--- WHAT IS NEEDED ---
Transcribe word for word the lines below from the line with "#295=VECTOR('',#294,1.);" through the line with "#309=VECTOR('',#308,1.);", ends included.

──────── DATASET RECORDS ────────

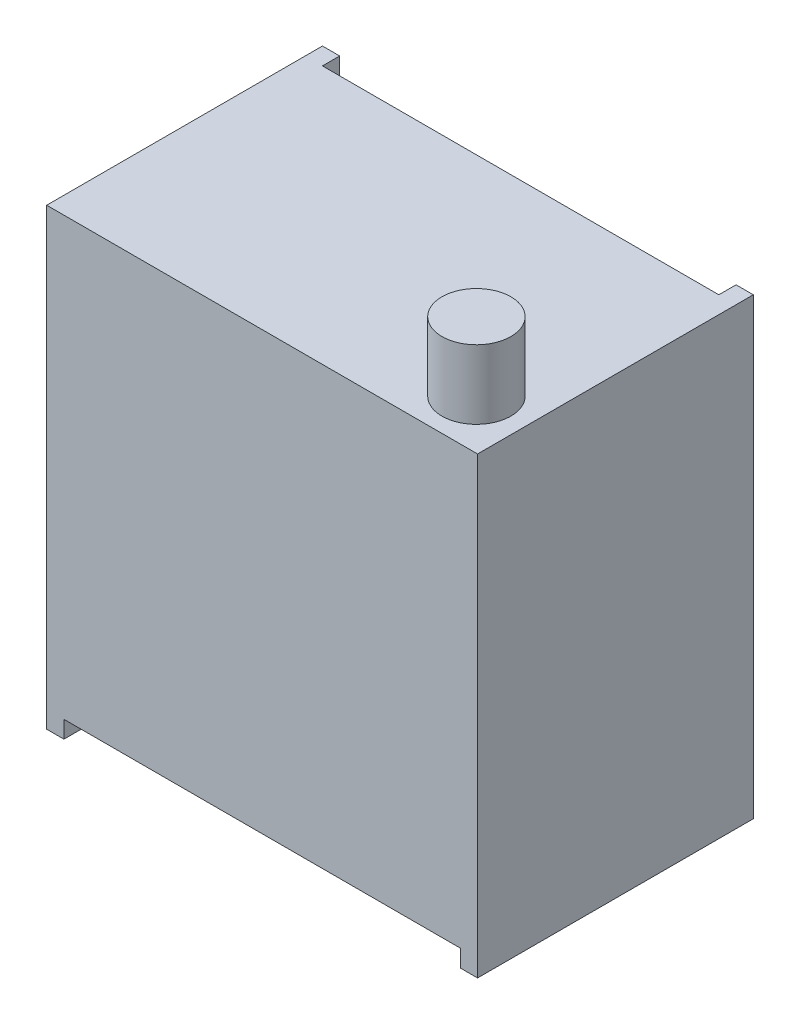
ISO-10303-21;
HEADER;
FILE_DESCRIPTION(('STEP AP214'),'2;1');
FILE_NAME('part.step','',(''),(''),'','','');
FILE_SCHEMA(('AUTOMOTIVE_DESIGN { 1 0 10303 214 1 1 1 1 }'));
ENDSEC;
DATA;
#1=APPLICATION_CONTEXT('core data for automotive mechanical design processes');
#2=APPLICATION_PROTOCOL_DEFINITION('international standard','automotive_design',2000,#1);
#3=PRODUCT_CONTEXT('',#1,'mechanical');
#4=PRODUCT('Part','Part','',(#3));
#5=PRODUCT_RELATED_PRODUCT_CATEGORY('part','',(#4));
#6=PRODUCT_DEFINITION_FORMATION('','',#4);
#7=PRODUCT_DEFINITION_CONTEXT('part definition',#1,'design');
#8=PRODUCT_DEFINITION('design','',#6,#7);
#9=PRODUCT_DEFINITION_SHAPE('','',#8);
#10=(LENGTH_UNIT() NAMED_UNIT(*) SI_UNIT(.MILLI.,.METRE.));
#11=(NAMED_UNIT(*) PLANE_ANGLE_UNIT() SI_UNIT($,.RADIAN.));
#12=(NAMED_UNIT(*) SI_UNIT($,.STERADIAN.) SOLID_ANGLE_UNIT());
#13=UNCERTAINTY_MEASURE_WITH_UNIT(LENGTH_MEASURE(1.E-05),#10,'distance_accuracy_value','');
#14=(GEOMETRIC_REPRESENTATION_CONTEXT(3) GLOBAL_UNCERTAINTY_ASSIGNED_CONTEXT((#13)) GLOBAL_UNIT_ASSIGNED_CONTEXT((#10,
#11,#12)) REPRESENTATION_CONTEXT('',''));
#15=CARTESIAN_POINT('',(0.,0.,0.));
#16=DIRECTION('',(0.,0.,1.));
#17=DIRECTION('',(1.,0.,0.));
#18=AXIS2_PLACEMENT_3D('',#15,#16,#17);
#19=CARTESIAN_POINT('',(4.3815,0.380999999999999,-6.096));
#20=DIRECTION('',(0.,-1.,0.));
#21=DIRECTION('',(0.,0.,-1.));
#22=AXIS2_PLACEMENT_3D('',#19,#20,#21);
#23=PLANE('',#22);
#24=CARTESIAN_POINT('',(0.,0.380999999999999,-4.191));
#25=DIRECTION('',(0.,-1.,0.));
#26=DIRECTION('',(0.,0.,-1.));
#27=AXIS2_PLACEMENT_3D('',#24,#25,#26);
#28=CIRCLE('',#27,0.254);
#29=CARTESIAN_POINT('',(0.,0.380999999999999,-4.445));
#30=VERTEX_POINT('',#29);
#31=EDGE_CURVE('E409',#30,#30,#28,.T.);
#32=ORIENTED_EDGE('',*,*,#31,.F.);
#33=EDGE_LOOP('',(#32));
#34=FACE_BOUND('',#33,.T.);
#35=DIRECTION('',(-1.,0.,0.));
#36=VECTOR('',#35,1.);
#37=CARTESIAN_POINT('',(4.3815,0.380999999999999,-5.715));
#38=LINE('',#37,#36);
#39=CARTESIAN_POINT('',(4.3815,0.380999999999999,-5.715));
#40=VERTEX_POINT('',#39);
#41=CARTESIAN_POINT('',(-4.3815,0.380999999999999,-5.715));
#42=VERTEX_POINT('',#41);
#43=EDGE_CURVE('E136',#40,#42,#38,.T.);
#44=ORIENTED_EDGE('',*,*,#43,.F.);
#45=DIRECTION('',(0.,0.,1.));
#46=VECTOR('',#45,1.);
#47=CARTESIAN_POINT('',(4.3815,0.380999999999999,-6.096));
#48=LINE('',#47,#46);
#49=CARTESIAN_POINT('',(4.3815,0.380999999999999,0.));
#50=VERTEX_POINT('',#49);
#51=EDGE_CURVE('E157',#40,#50,#48,.T.);
#52=ORIENTED_EDGE('',*,*,#51,.T.);
#53=DIRECTION('',(1.,0.,0.));
#54=VECTOR('',#53,1.);
#55=CARTESIAN_POINT('',(4.3815,0.380999999999999,0.));
#56=LINE('',#55,#54);
#57=CARTESIAN_POINT('',(-4.3815,0.380999999999999,0.));
#58=VERTEX_POINT('',#57);
#59=EDGE_CURVE('E142',#58,#50,#56,.T.);
#60=ORIENTED_EDGE('',*,*,#59,.F.);
#61=DIRECTION('',(0.,0.,1.));
#62=VECTOR('',#61,1.);
#63=CARTESIAN_POINT('',(-4.3815,0.380999999999999,-6.096));
#64=LINE('',#63,#62);
#65=EDGE_CURVE('E159',#42,#58,#64,.T.);
#66=ORIENTED_EDGE('',*,*,#65,.F.);
#67=EDGE_LOOP('',(#44,#52,#60,#66));
#68=FACE_BOUND('',#67,.T.);
#69=CARTESIAN_POINT('',(-2.54,0.380999999999999,-4.191));
#70=DIRECTION('',(0.,-1.,0.));
#71=DIRECTION('',(0.,0.,-1.));
#72=AXIS2_PLACEMENT_3D('',#69,#70,#71);
#73=CIRCLE('',#72,0.254);
#74=CARTESIAN_POINT('',(-2.54,0.380999999999999,-4.445));
#75=VERTEX_POINT('',#74);
#76=EDGE_CURVE('E401',#75,#75,#73,.T.);
#77=ORIENTED_EDGE('',*,*,#76,.F.);
#78=EDGE_LOOP('',(#77));
#79=FACE_BOUND('',#78,.T.);
#80=CARTESIAN_POINT('',(2.54,0.380999999999999,-4.191));
#81=DIRECTION('',(0.,-1.,0.));
#82=DIRECTION('',(0.,0.,-1.));
#83=AXIS2_PLACEMENT_3D('',#80,#81,#82);
#84=CIRCLE('',#83,0.254);
#85=CARTESIAN_POINT('',(2.54,0.380999999999999,-4.445));
#86=VERTEX_POINT('',#85);
#87=EDGE_CURVE('E404',#86,#86,#84,.T.);
#88=ORIENTED_EDGE('',*,*,#87,.F.);
#89=EDGE_LOOP('',(#88));
#90=FACE_BOUND('',#89,.T.);
#91=ADVANCED_FACE('F33',(#34,#68,#79,#90),#23,.T.);
#92=CARTESIAN_POINT('',(-4.7625,10.033,-6.096));
#93=DIRECTION('',(0.,1.,0.));
#94=DIRECTION('',(0.,0.,1.));
#95=AXIS2_PLACEMENT_3D('',#92,#93,#94);
#96=PLANE('',#95);
#97=DIRECTION('',(0.,0.,1.));
#98=VECTOR('',#97,1.);
#99=CARTESIAN_POINT('',(-4.3815,10.033,-6.096));
#100=LINE('',#99,#98);
#101=CARTESIAN_POINT('',(-4.3815,10.033,-6.096));
#102=VERTEX_POINT('',#101);
#103=CARTESIAN_POINT('',(-4.3815,10.033,-5.715));
#104=VERTEX_POINT('',#103);
#105=EDGE_CURVE('E186',#102,#104,#100,.T.);
#106=ORIENTED_EDGE('',*,*,#105,.F.);
#107=DIRECTION('',(-1.,0.,0.));
#108=VECTOR('',#107,1.);
#109=CARTESIAN_POINT('',(-4.7625,10.033,-6.096));
#110=LINE('',#109,#108);
#111=CARTESIAN_POINT('',(-4.7625,10.033,-6.096));
#112=VERTEX_POINT('',#111);
#113=EDGE_CURVE('E58',#102,#112,#110,.T.);
#114=ORIENTED_EDGE('',*,*,#113,.T.);
#115=DIRECTION('',(0.,0.,1.));
#116=VECTOR('',#115,1.);
#117=CARTESIAN_POINT('',(-4.7625,10.033,-6.096));
#118=LINE('',#117,#116);
#119=CARTESIAN_POINT('',(-4.7625,10.033,0.));
#120=VERTEX_POINT('',#119);
#121=EDGE_CURVE('E11',#112,#120,#118,.T.);
#122=ORIENTED_EDGE('',*,*,#121,.T.);
#123=DIRECTION('',(-1.,0.,0.));
#124=VECTOR('',#123,1.);
#125=CARTESIAN_POINT('',(-4.7625,10.033,0.));
#126=LINE('',#125,#124);
#127=CARTESIAN_POINT('',(4.7625,10.033,0.));
#128=VERTEX_POINT('',#127);
#129=EDGE_CURVE('E151',#128,#120,#126,.T.);
#130=ORIENTED_EDGE('',*,*,#129,.F.);
#131=DIRECTION('',(0.,0.,1.));
#132=VECTOR('',#131,1.);
#133=CARTESIAN_POINT('',(4.7625,10.033,-6.096));
#134=LINE('',#133,#132);
#135=CARTESIAN_POINT('',(4.7625,10.033,-6.096));
#136=VERTEX_POINT('',#135);
#137=EDGE_CURVE('E42',#136,#128,#134,.T.);
#138=ORIENTED_EDGE('',*,*,#137,.F.);
#139=CARTESIAN_POINT('',(4.3815,10.033,-6.096));
#140=VERTEX_POINT('',#139);
#141=EDGE_CURVE('E123',#136,#140,#110,.T.);
#142=ORIENTED_EDGE('',*,*,#141,.T.);
#143=DIRECTION('',(0.,0.,-1.));
#144=VECTOR('',#143,1.);
#145=CARTESIAN_POINT('',(4.3815,10.033,-6.096));
#146=LINE('',#145,#144);
#147=CARTESIAN_POINT('',(4.3815,10.033,-5.715));
#148=VERTEX_POINT('',#147);
#149=EDGE_CURVE('E173',#148,#140,#146,.T.);
#150=ORIENTED_EDGE('',*,*,#149,.F.);
#151=DIRECTION('',(1.,0.,0.));
#152=VECTOR('',#151,1.);
#153=CARTESIAN_POINT('',(-4.3815,10.033,-5.715));
#154=LINE('',#153,#152);
#155=EDGE_CURVE('E176',#104,#148,#154,.T.);
#156=ORIENTED_EDGE('',*,*,#155,.F.);
#157=EDGE_LOOP('',(#106,#114,#122,#130,#138,#142,#150,#156));
#158=FACE_BOUND('',#157,.T.);
#159=CARTESIAN_POINT('',(3.6449,10.033,-1.0922));
#160=DIRECTION('',(0.,1.,0.));
#161=DIRECTION('',(0.,0.,1.));
#162=AXIS2_PLACEMENT_3D('',#159,#160,#161);
#163=CIRCLE('',#162,0.762);
#164=CARTESIAN_POINT('',(3.6449,10.033,-1.8542));
#165=VERTEX_POINT('',#164);
#166=EDGE_CURVE('E420',#165,#165,#163,.T.);
#167=ORIENTED_EDGE('',*,*,#166,.F.);
#168=EDGE_LOOP('',(#167));
#169=FACE_BOUND('',#168,.T.);
#170=ADVANCED_FACE('F168',(#158,#169),#96,.T.);
#171=CARTESIAN_POINT('',(-4.7625,0.,-6.096));
#172=DIRECTION('',(0.,0.,1.));
#173=DIRECTION('',(1.,0.,0.));
#174=AXIS2_PLACEMENT_3D('',#171,#172,#173);
#175=PLANE('',#174);
#176=ORIENTED_EDGE('',*,*,#113,.F.);
#177=DIRECTION('',(0.,1.,0.));
#178=VECTOR('',#177,1.);
#179=CARTESIAN_POINT('',(-4.3815,0.,-6.096));
#180=LINE('',#179,#178);
#181=CARTESIAN_POINT('',(-4.3815,0.,-6.096));
#182=VERTEX_POINT('',#181);
#183=EDGE_CURVE('E127',#182,#102,#180,.T.);
#184=ORIENTED_EDGE('',*,*,#183,.F.);
#185=DIRECTION('',(1.,0.,0.));
#186=VECTOR('',#185,1.);
#187=CARTESIAN_POINT('',(-4.7625,0.,-6.096));
#188=LINE('',#187,#186);
#189=CARTESIAN_POINT('',(-4.7625,0.,-6.096));
#190=VERTEX_POINT('',#189);
#191=EDGE_CURVE('E194',#190,#182,#188,.T.);
#192=ORIENTED_EDGE('',*,*,#191,.F.);
#193=DIRECTION('',(0.,-1.,0.));
#194=VECTOR('',#193,1.);
#195=CARTESIAN_POINT('',(-4.7625,10.033,-6.096));
#196=LINE('',#195,#194);
#197=EDGE_CURVE('E153',#112,#190,#196,.T.);
#198=ORIENTED_EDGE('',*,*,#197,.F.);
#199=EDGE_LOOP('',(#176,#184,#192,#198));
#200=FACE_BOUND('',#199,.T.);
#201=ADVANCED_FACE('F205',(#200),#175,.F.);
#202=CARTESIAN_POINT('',(-4.7625,10.033,-6.096));
#203=DIRECTION('',(-1.,0.,0.));
#204=DIRECTION('',(0.,-1.,0.));
#205=AXIS2_PLACEMENT_3D('',#202,#203,#204);
#206=PLANE('',#205);
#207=DIRECTION('',(0.,-1.,0.));
#208=VECTOR('',#207,1.);
#209=CARTESIAN_POINT('',(-4.7625,10.033,0.));
#210=LINE('',#209,#208);
#211=CARTESIAN_POINT('',(-4.7625,0.,0.));
#212=VERTEX_POINT('',#211);
#213=EDGE_CURVE('E132',#120,#212,#210,.T.);
#214=ORIENTED_EDGE('',*,*,#213,.F.);
#215=ORIENTED_EDGE('',*,*,#121,.F.);
#216=ORIENTED_EDGE('',*,*,#197,.T.);
#217=DIRECTION('',(0.,0.,1.));
#218=VECTOR('',#217,1.);
#219=CARTESIAN_POINT('',(-4.7625,0.,-6.096));
#220=LINE('',#219,#218);
#221=EDGE_CURVE('E37',#190,#212,#220,.T.);
#222=ORIENTED_EDGE('',*,*,#221,.T.);
#223=EDGE_LOOP('',(#214,#215,#216,#222));
#224=FACE_BOUND('',#223,.T.);
#225=ADVANCED_FACE('F35',(#224),#206,.T.);
#226=CARTESIAN_POINT('',(4.7625,10.033,-6.096));
#227=DIRECTION('',(1.,0.,0.));
#228=DIRECTION('',(0.,1.,0.));
#229=AXIS2_PLACEMENT_3D('',#226,#227,#228);
#230=PLANE('',#229);
#231=DIRECTION('',(0.,1.,0.));
#232=VECTOR('',#231,1.);
#233=CARTESIAN_POINT('',(4.7625,10.033,0.));
#234=LINE('',#233,#232);
#235=CARTESIAN_POINT('',(4.7625,0.,0.));
#236=VERTEX_POINT('',#235);
#237=EDGE_CURVE('E113',#236,#128,#234,.T.);
#238=ORIENTED_EDGE('',*,*,#237,.F.);
#239=DIRECTION('',(0.,0.,1.));
#240=VECTOR('',#239,1.);
#241=CARTESIAN_POINT('',(4.7625,0.,-6.096));
#242=LINE('',#241,#240);
#243=CARTESIAN_POINT('',(4.7625,0.,-6.096));
#244=VERTEX_POINT('',#243);
#245=EDGE_CURVE('E108',#244,#236,#242,.T.);
#246=ORIENTED_EDGE('',*,*,#245,.F.);
#247=DIRECTION('',(0.,1.,0.));
#248=VECTOR('',#247,1.);
#249=CARTESIAN_POINT('',(4.7625,10.033,-6.096));
#250=LINE('',#249,#248);
#251=EDGE_CURVE('E111',#244,#136,#250,.T.);
#252=ORIENTED_EDGE('',*,*,#251,.T.);
#253=ORIENTED_EDGE('',*,*,#137,.T.);
#254=EDGE_LOOP('',(#238,#246,#252,#253));
#255=FACE_BOUND('',#254,.T.);
#256=ADVANCED_FACE('F110',(#255),#230,.T.);
#257=CARTESIAN_POINT('',(4.3815,0.,-6.096));
#258=DIRECTION('',(0.,-1.,0.));
#259=DIRECTION('',(0.,0.,-1.));
#260=AXIS2_PLACEMENT_3D('',#257,#258,#259);
#261=PLANE('',#260);
#262=DIRECTION('',(1.,0.,0.));
#263=VECTOR('',#262,1.);
#264=CARTESIAN_POINT('',(4.3815,0.,0.));
#265=LINE('',#264,#263);
#266=CARTESIAN_POINT('',(4.3815,0.,0.));
#267=VERTEX_POINT('',#266);
#268=EDGE_CURVE('E148',#267,#236,#265,.T.);
#269=ORIENTED_EDGE('',*,*,#268,.F.);
#270=DIRECTION('',(0.,0.,1.));
#271=VECTOR('',#270,1.);
#272=CARTESIAN_POINT('',(4.3815,0.,-6.096));
#273=LINE('',#272,#271);
#274=CARTESIAN_POINT('',(4.3815,0.,-6.096));
#275=VERTEX_POINT('',#274);
#276=EDGE_CURVE('E118',#275,#267,#273,.T.);
#277=ORIENTED_EDGE('',*,*,#276,.F.);
#278=DIRECTION('',(1.,0.,0.));
#279=VECTOR('',#278,1.);
#280=CARTESIAN_POINT('',(4.3815,0.,-6.096));
#281=LINE('',#280,#279);
#282=EDGE_CURVE('E121',#275,#244,#281,.T.);
#283=ORIENTED_EDGE('',*,*,#282,.T.);
#284=ORIENTED_EDGE('',*,*,#245,.T.);
#285=EDGE_LOOP('',(#269,#277,#283,#284));
#286=FACE_BOUND('',#285,.T.);
#287=ADVANCED_FACE('F125',(#286),#261,.T.);
#288=CARTESIAN_POINT('',(4.3815,0.,-6.096));
#289=DIRECTION('',(-1.,0.,0.));
#290=DIRECTION('',(0.,0.,1.));
#291=AXIS2_PLACEMENT_3D('',#288,#289,#290);
#292=PLANE('',#291);
#293=ORIENTED_EDGE('',*,*,#51,.F.);
#294=DIRECTION('',(0.,1.,0.));
#295=VECTOR('',#294,1.);
#296=CARTESIAN_POINT('',(4.3815,0.,-5.715));
#297=LINE('',#296,#295);
#298=EDGE_CURVE('E184',#40,#148,#297,.T.);
#299=ORIENTED_EDGE('',*,*,#298,.T.);
#300=ORIENTED_EDGE('',*,*,#149,.T.);
#301=DIRECTION('',(0.,-1.,0.));
#302=VECTOR('',#301,1.);
#303=CARTESIAN_POINT('',(4.3815,0.,-6.096));
#304=LINE('',#303,#302);
#305=EDGE_CURVE('E50',#140,#275,#304,.T.);
#306=ORIENTED_EDGE('',*,*,#305,.T.);
#307=ORIENTED_EDGE('',*,*,#276,.T.);
#308=DIRECTION('',(0.,-1.,0.));
#309=VECTOR('',#308,1.);
#310=CARTESIAN_POINT('',(4.3815,0.,0.));
#311=LINE('',#310,#309);
#312=EDGE_CURVE('E145',#50,#267,#311,.T.);
#313=ORIENTED_EDGE('',*,*,#312,.F.);
#314=EDGE_LOOP('',(#293,#299,#300,#306,#307,#313));
#315=FACE_BOUND('',#314,.T.);
#316=ADVANCED_FACE('F225',(#315),#292,.T.);
#317=CARTESIAN_POINT('',(-4.3815,0.,-6.096));
#318=DIRECTION('',(1.,0.,0.));
#319=DIRECTION('',(0.,0.,-1.));
#320=AXIS2_PLACEMENT_3D('',#317,#318,#319);
#321=PLANE('',#320);
#322=DIRECTION('',(0.,1.,0.));
#323=VECTOR('',#322,1.);
#324=CARTESIAN_POINT('',(-4.3815,0.,0.));
#325=LINE('',#324,#323);
#326=CARTESIAN_POINT('',(-4.3815,0.,0.));
#327=VERTEX_POINT('',#326);
#328=EDGE_CURVE('E139',#327,#58,#325,.T.);
#329=ORIENTED_EDGE('',*,*,#328,.F.);
#330=DIRECTION('',(0.,0.,1.));
#331=VECTOR('',#330,1.);
#332=CARTESIAN_POINT('',(-4.3815,0.,-6.096));
#333=LINE('',#332,#331);
#334=EDGE_CURVE('E160',#182,#327,#333,.T.);
#335=ORIENTED_EDGE('',*,*,#334,.F.);
#336=ORIENTED_EDGE('',*,*,#183,.T.);
#337=ORIENTED_EDGE('',*,*,#105,.T.);
#338=DIRECTION('',(0.,1.,0.));
#339=VECTOR('',#338,1.);
#340=CARTESIAN_POINT('',(-4.3815,0.,-5.715));
#341=LINE('',#340,#339);
#342=EDGE_CURVE('E181',#42,#104,#341,.T.);
#343=ORIENTED_EDGE('',*,*,#342,.F.);
#344=ORIENTED_EDGE('',*,*,#65,.T.);
#345=EDGE_LOOP('',(#329,#335,#336,#337,#343,#344));
#346=FACE_BOUND('',#345,.T.);
#347=ADVANCED_FACE('F199',(#346),#321,.T.);
#348=CARTESIAN_POINT('',(-4.7625,0.,-6.096));
#349=DIRECTION('',(0.,-1.,0.));
#350=DIRECTION('',(0.,0.,-1.));
#351=AXIS2_PLACEMENT_3D('',#348,#349,#350);
#352=PLANE('',#351);
#353=DIRECTION('',(1.,0.,0.));
#354=VECTOR('',#353,1.);
#355=CARTESIAN_POINT('',(-4.7625,0.,0.));
#356=LINE('',#355,#354);
#357=EDGE_CURVE('E135',#212,#327,#356,.T.);
#358=ORIENTED_EDGE('',*,*,#357,.F.);
#359=ORIENTED_EDGE('',*,*,#221,.F.);
#360=ORIENTED_EDGE('',*,*,#191,.T.);
#361=ORIENTED_EDGE('',*,*,#334,.T.);
#362=EDGE_LOOP('',(#358,#359,#360,#361));
#363=FACE_BOUND('',#362,.T.);
#364=ADVANCED_FACE('F165',(#363),#352,.T.);
#365=ORIENTED_EDGE('',*,*,#305,.F.);
#366=ORIENTED_EDGE('',*,*,#141,.F.);
#367=ORIENTED_EDGE('',*,*,#251,.F.);
#368=ORIENTED_EDGE('',*,*,#282,.F.);
#369=EDGE_LOOP('',(#365,#366,#367,#368));
#370=FACE_BOUND('',#369,.T.);
#371=ADVANCED_FACE('F120',(#370),#175,.F.);
#372=CARTESIAN_POINT('',(-4.7625,0.,0.));
#373=DIRECTION('',(0.,0.,1.));
#374=DIRECTION('',(1.,0.,0.));
#375=AXIS2_PLACEMENT_3D('',#372,#373,#374);
#376=PLANE('',#375);
#377=ORIENTED_EDGE('',*,*,#213,.T.);
#378=ORIENTED_EDGE('',*,*,#357,.T.);
#379=ORIENTED_EDGE('',*,*,#328,.T.);
#380=ORIENTED_EDGE('',*,*,#59,.T.);
#381=ORIENTED_EDGE('',*,*,#312,.T.);
#382=ORIENTED_EDGE('',*,*,#268,.T.);
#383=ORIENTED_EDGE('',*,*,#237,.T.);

────────

--- ANSWER TO THIS EXERCISE ---
#295=VECTOR('',#294,1.);
#296=CARTESIAN_POINT('',(4.3815,0.,-5.715));
#297=LINE('',#296,#295);
#298=EDGE_CURVE('E184',#40,#148,#297,.T.);
#299=ORIENTED_EDGE('',*,*,#298,.T.);
#300=ORIENTED_EDGE('',*,*,#149,.T.);
#301=DIRECTION('',(0.,-1.,0.));
#302=VECTOR('',#301,1.);
#303=CARTESIAN_POINT('',(4.3815,0.,-6.096));
#304=LINE('',#303,#302);
#305=EDGE_CURVE('E50',#140,#275,#304,.T.);
#306=ORIENTED_EDGE('',*,*,#305,.T.);
#307=ORIENTED_EDGE('',*,*,#276,.T.);
#308=DIRECTION('',(0.,-1.,0.));
#309=VECTOR('',#308,1.);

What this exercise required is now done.